1.1.2 Classification of Flow Region
Knudsen number (Kn=λ/L) is usually used to indicate the degree of rarefaction. The mean free path λ is the average distance traveled by molecules before collision and L is the flow characteristic length. In general, flow are divided into four regimes and three solutions.
When the local Knudsen number approaches zero, the flow reaches inviscid limit and can be solved by Euler equation. When the flow is close to the continuum regime (Kn approach 0.01), the well known Navier-Stokes equation may be applied to obtain accurate result for engineering purposes.
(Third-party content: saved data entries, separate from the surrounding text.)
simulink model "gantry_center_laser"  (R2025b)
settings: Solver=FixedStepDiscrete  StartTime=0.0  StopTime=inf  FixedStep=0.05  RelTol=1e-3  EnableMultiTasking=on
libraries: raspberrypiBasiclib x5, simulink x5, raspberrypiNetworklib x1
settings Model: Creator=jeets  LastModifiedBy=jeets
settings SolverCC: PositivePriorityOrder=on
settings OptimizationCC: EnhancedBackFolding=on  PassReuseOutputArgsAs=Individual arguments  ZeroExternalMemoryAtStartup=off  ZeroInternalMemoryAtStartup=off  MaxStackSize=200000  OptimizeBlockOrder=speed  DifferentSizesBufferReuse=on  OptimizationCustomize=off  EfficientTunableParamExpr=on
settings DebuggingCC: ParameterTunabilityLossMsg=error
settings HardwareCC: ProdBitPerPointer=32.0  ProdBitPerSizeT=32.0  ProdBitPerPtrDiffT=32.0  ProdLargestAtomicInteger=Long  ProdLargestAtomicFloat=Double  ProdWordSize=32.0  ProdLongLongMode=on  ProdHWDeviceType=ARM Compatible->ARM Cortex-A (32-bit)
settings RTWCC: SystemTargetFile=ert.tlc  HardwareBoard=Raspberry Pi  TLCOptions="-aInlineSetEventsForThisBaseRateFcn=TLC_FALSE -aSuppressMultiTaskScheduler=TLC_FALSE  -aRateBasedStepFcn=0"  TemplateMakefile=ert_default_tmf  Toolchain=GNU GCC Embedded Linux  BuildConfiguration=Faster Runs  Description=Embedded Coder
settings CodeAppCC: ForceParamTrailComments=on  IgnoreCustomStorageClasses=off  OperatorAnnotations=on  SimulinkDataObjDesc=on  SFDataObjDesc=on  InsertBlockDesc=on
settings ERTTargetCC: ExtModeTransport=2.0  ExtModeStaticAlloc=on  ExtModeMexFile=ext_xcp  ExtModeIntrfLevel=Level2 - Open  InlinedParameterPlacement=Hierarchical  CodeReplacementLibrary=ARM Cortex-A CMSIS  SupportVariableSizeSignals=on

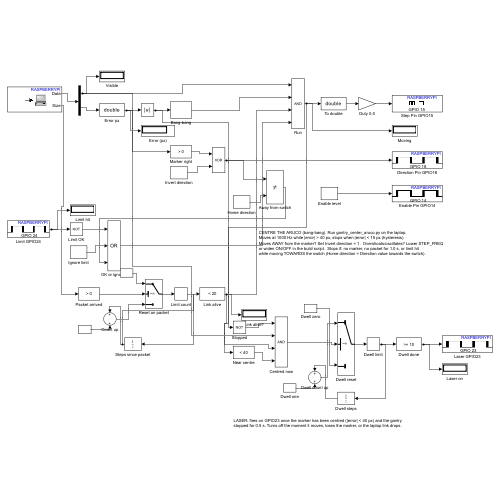
[thumbnail: Simulink's stored preview of the top-level diagram]
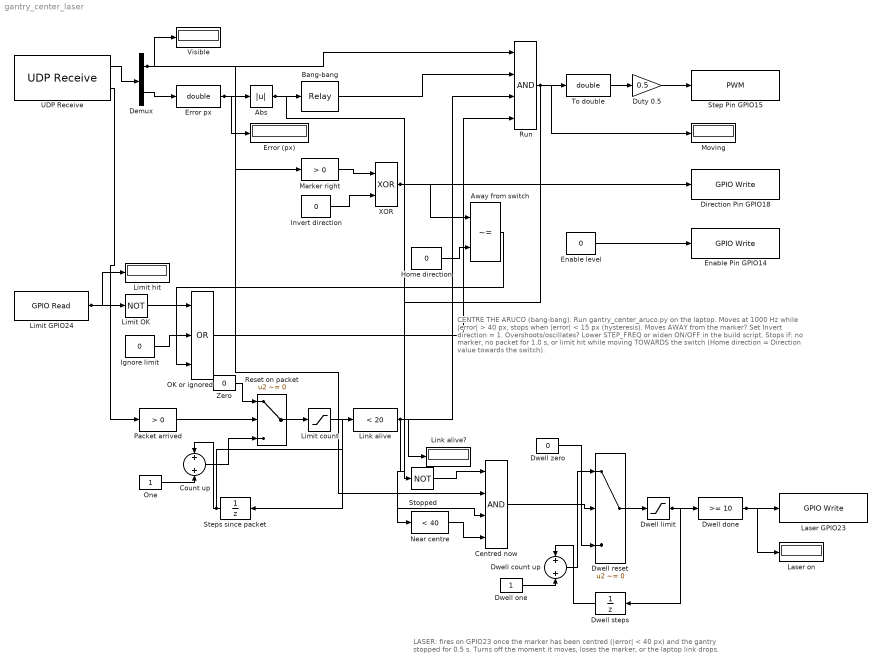
== system gantry_center_laser ==
  note: CENTRE THE ARUCO (bang-bang). Run gantry_center_aruco.py on the laptop.
      | Moves at 1000 Hz while |error| > 40 px, stops when |error| < 15 px (hysteresis).
      | Moves AWAY from the marker? Set Invert direction = 1.  Overshoots/oscillates? Lower STEP_FREQ
      | or widen ON/OFF in the build script.  Stops if: no marker, no packet for 1.0 s, or limit hit
      | while moving TOWARDS the switch (Home direction = Direction value towards the switch).
  note: LASER: fires on GPIO23 once the marker has been centred (|error| < 40 px) and the gantry
      | stopped for 0.5 s. Turns off the moment it moves, loses the marker, or the laptop link drops.
  Abs : Abs  SaturateOnIntegerOverflow=off
  Away from switch : RelationalOperator  Operator=~=  OutDataTypeStr=boolean  RndMeth=Simplest  InputSameDT=off
  Bang-bang : Relay  OnSwitchValue=40  OffSwitchValue=15
  Centred now : Logic  Inputs=4  AllPortsSameDT=off  OutDataTypeStr=boolean
  Count up : Sum
  Demux : Demux  Outputs=2
  Direction Pin GPIO18 : raspberrypiBasiclib/GPIO Write  BoardProperty=Pi 3 Model B+  gpio=18  blockPlatform=Raspberry Pi  PinNumber=17  board=[]  direction=[]
  Duty 0.5 : Gain  Gain=0.5
  Dwell count up : Sum
  Dwell done : simulink/Logic and Bit Operations/Compare To Constant  relop=>=  const=10  OutDataTypeStr=boolean
  Dwell limit : Saturate  UpperLimit=1000  LowerLimit=0
  Dwell one : Constant
  Dwell reset : Switch  Criteria=u2 ~= 0  SaturateOnIntegerOverflow=off  InputSameDT=off
  Dwell steps : UnitDelay  SampleTime=0.05  HasFrameUpgradeWarning=on
  Dwell zero : Constant  Value=0
  Enable Pin GPIO14 : raspberrypiBasiclib/GPIO Write  BoardProperty=Pi 3 Model B+  gpio=14  blockPlatform=Raspberry Pi  PinNumber=17  board=[]  direction=[]
  Enable level : Constant  Value=0  OutDataTypeStr=boolean
  Error (px) : Display
  Error px : DataTypeConversion  OutDataTypeStr=double  SaturateOnIntegerOverflow=off  RndMeth=Floor
  Home direction : Constant  Value=0
  Ignore limit : Constant  Value=0
  Invert direction : Constant  Value=0
  Laser GPIO23 : raspberrypiBasiclib/GPIO Write  BoardProperty=Pi 3 Model B+  gpio=23  blockPlatform=Raspberry Pi  PinNumber=17  board=[]  direction=[]
  Laser on : Display
  Limit GPIO24 : raspberrypiBasiclib/GPIO Read  BoardProperty=Pi 3 Model B+  gpio=24  SampleTime=0.05  blockPlatform=Raspberry Pi  PinNumber=4  board=[]  direction=[]  internalResistor=[]
  Limit OK : Logic  Operator=NOT  AllPortsSameDT=off  OutDataTypeStr=boolean
  Limit count : Saturate  UpperLimit=1000  LowerLimit=0
  Limit hit : Display
  Link alive : simulink/Logic and Bit Operations/Compare To Constant  relop=<  const=20  OutDataTypeStr=boolean
  Link alive? : Display
  Marker right : simulink/Logic and Bit Operations/Compare To Zero  relop=>  OutDataTypeStr=boolean
  Moving : Display
  Near centre : simulink/Logic and Bit Operations/Compare To Constant  relop=<  const=40  OutDataTypeStr=boolean
  OK or ignored : Logic  Operator=OR  Inputs=3  AllPortsSameDT=off  OutDataTypeStr=boolean
  One : Constant
  Packet arrived : simulink/Logic and Bit Operations/Compare To Zero  relop=>  OutDataTypeStr=boolean
  Reset on packet : Switch  Criteria=u2 ~= 0  SaturateOnIntegerOverflow=off  InputSameDT=off
  Run : Logic  Inputs=4  AllPortsSameDT=off  OutDataTypeStr=boolean
  Step Pin GPIO15 : raspberrypiBasiclib/PWM  board=Pi 3 Model B+  Pin_=15  Frequency=1000  blockPlatform=Raspberry Pi
  Steps since packet : UnitDelay  InitialCondition=20  SampleTime=0.05  HasFrameUpgradeWarning=on
  Stopped : Logic  Operator=NOT  AllPortsSameDT=off  OutDataTypeStr=boolean
  To double : DataTypeConversion  OutDataTypeStr=double  SaturateOnIntegerOverflow=off  RndMeth=Floor
  UDP Receive : raspberrypiNetworklib/UDP Receive  localURL='0.0.0.0'  localPort=50001  remoteURL='0.0.0.0'  remotePort=-1  recvBufferSize=8192  signalDatatype=int16  dims=2  isVarSize=off  showBlockingTime=off  blockingTime=0  sampletime=0.05  blockPlatform=Raspberry Pi
  Visible : Display
  XOR : Logic  Operator=XOR  AllPortsSameDT=off  OutDataTypeStr=boolean
  Zero : Constant  Value=0
  wires:
  UDP Receive/1 -> Demux/1
  Demux/1 -> Run/1, Visible/1, Centred now/2
  Demux/2 -> Error px/1
  Error px/1 -> Abs/1, Error (px)/1, Marker right/1
  Abs/1 -> Bang-bang/1, Near centre/1
  Bang-bang/1 -> Run/2
  Link alive/1 -> Run/3, Link alive?/1, Centred now/3
  OK or ignored/1 -> Run/4
  Run/1 -> To double/1, Moving/1, Stopped/1
  To double/1 -> Duty 0.5/1
  Duty 0.5/1 -> Step Pin GPIO15/1
  Marker right/1 -> XOR/1
  Invert direction/1 -> XOR/2
  XOR/1 -> Direction Pin GPIO18/1, Away from switch/1
  Enable level/1 -> Enable Pin GPIO14/1
  Limit GPIO24/1 -> Limit OK/1, Limit hit/1
  Limit OK/1 -> OK or ignored/1
  Ignore limit/1 -> OK or ignored/2
  Home direction/1 -> Away from switch/2
  Away from switch/1 -> OK or ignored/3
  UDP Receive/2 -> Packet arrived/1
  Zero/1 -> Reset on packet/1
  Packet arrived/1 -> Reset on packet/2
  Count up/1 -> Reset on packet/3
  Reset on packet/1 -> Limit count/1
  Limit count/1 -> Steps since packet/1
  Steps since packet/1 -> Count up/1, Link alive/1
  One/1 -> Count up/2
  Stopped/1 -> Centred now/1
  Near centre/1 -> Centred now/4
  Dwell count up/1 -> Dwell reset/1
  Centred now/1 -> Dwell reset/2
  Dwell zero/1 -> Dwell reset/3
  Dwell reset/1 -> Dwell limit/1
  Dwell limit/1 -> Dwell steps/1, Dwell done/1
  Dwell steps/1 -> Dwell count up/1
  Dwell one/1 -> Dwell count up/2
  Dwell done/1 -> Laser GPIO23/1, Laser on/1

When Kn is the larger than 0.01, assumption of continuum begins to break down and the particle-based method is necessary and a kinetic approach, based on the Boltzmann equation [7]. It is important to note that the kinetic approach is valid in the whole range of the gas rarefaction. However, it is rarely used to numerically solve the practical problems because of two major difficulties. They are included higher dimensionality (up to seven) of the Boltzmann equation and the difficulties of correctly modeling the integral collision term. The well known direct simulation Monte Carlo (DSMC) method [5] is also a powerful computational scheme.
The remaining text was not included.